Provided by Mergermarket
by Nidhi Madhavan in Chicago
Blue Acorn, a Charleston, South Carolina-based e-commerce development agency, is frequently approached by other players in the space looking to be acquired, CEO Kevin Eichelberger said.
“Many of my peers have been engaged in M&A conversations,” the executive said. “A lot are interested in capitalizing on what they’ve built.”
Eichelberger noted that Blue Acorn, which is majority-owned by private equity firm Beringer Capital, is not actively looking for acquisitions but did not rule out a buy if a target were to “bolster our existing capabilities.”
Beringer handles most of the initial conversations with targets, Eichelberger added, explaining that he would get involved later in the process. He declined to share whether any such talks were in progress.
Although the company is looking to diversify the suite of solutions it offers clients, Eichelberger said that making its own acquisitions is not necessarily the route he plans to take because “we’ve done well because we do one thing really well.”
Blue Acorn is instead partnering with other portfolio companies in Beringer’s “digital experience” fund, which include Brandshop, iCiDigital and HyperGiant.

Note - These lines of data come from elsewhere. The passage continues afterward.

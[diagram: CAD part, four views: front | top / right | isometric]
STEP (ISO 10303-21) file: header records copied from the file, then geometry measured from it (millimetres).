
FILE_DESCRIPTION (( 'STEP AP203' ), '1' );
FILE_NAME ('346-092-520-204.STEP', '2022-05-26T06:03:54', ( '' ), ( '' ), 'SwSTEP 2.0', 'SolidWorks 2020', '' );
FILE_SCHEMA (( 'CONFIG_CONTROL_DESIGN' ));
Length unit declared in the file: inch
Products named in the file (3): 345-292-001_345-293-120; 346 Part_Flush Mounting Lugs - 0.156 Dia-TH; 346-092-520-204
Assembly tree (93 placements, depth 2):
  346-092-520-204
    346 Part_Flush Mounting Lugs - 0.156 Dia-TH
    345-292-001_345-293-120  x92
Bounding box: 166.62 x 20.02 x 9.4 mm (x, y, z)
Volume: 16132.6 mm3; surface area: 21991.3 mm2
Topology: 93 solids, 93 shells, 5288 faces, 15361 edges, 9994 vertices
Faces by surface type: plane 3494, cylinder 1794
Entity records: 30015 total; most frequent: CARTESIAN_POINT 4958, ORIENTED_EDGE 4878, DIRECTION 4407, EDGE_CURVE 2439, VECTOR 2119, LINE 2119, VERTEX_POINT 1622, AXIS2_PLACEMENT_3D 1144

Eichelberger explained that these service providers each have deep vertical expertise and together function as different “knights at the roundtable.”
By providing multiple complementary solutions, it hopes to capture an untapped market of traditional consumer brands that are looking to build out their own e-commerce operations to compete with Amazon and other challenger brands, but don’t have the internal resources yet.
Beringer continues to engage in its own buy-side conversations, Eichelberger noted, although “they have a lot of pieces of the fund in place.”
Beringer acquired the majority stake in Blue Acorn in April 2017. The agency bootstrapped its growth for its first nine years of business and generated USD 12.8m in 2016 revenue, Eichelberger said.
However, he noted that in the latter halves of 2016 and 2017, the agency struggled with market dynamics and growing operating expenses, although it remained profitable.
“We passed the USD 10m mark, and at that scale we came to the realization that is was expensive to keep growing,” Eichelberger said, noting that the company needed both capital and an operational partner.
Eichelberger said that this was the impetus for bringing on Beringer. The agency has now seen record growth each month of 2017 and expects annual revenue to grow as it scales.
Competitors of Blue Acorn include Guidance, Gorilla Group and Lyons Consulting Group, which was acquired by Capgemini [EPA:CAP] last year. M&A activity in the e-commerce agency space could increase over the next year, Eichelberger added, as companies and brands look to capture “the digital piece” of their business.
Eichelberger said that agencies with USD 10m to USD 20m in revenue are typically sizable enough to attract attention from “mega-agencies” like Deloitte, Accenture [NYSE:CAN] and Sapient [NASDAQ:SAPE]. Smaller players could still attract other players, he added.
It will likely be three to four years before Beringer explores a sale of any portfolio companies in the fund, Eichelberger added. Beringer Capital did not respond to requests for comment for this report.
Grayson Thomas serves as legal counsel for Blue Acorn and Dixon Hughes Goodman is its accountant.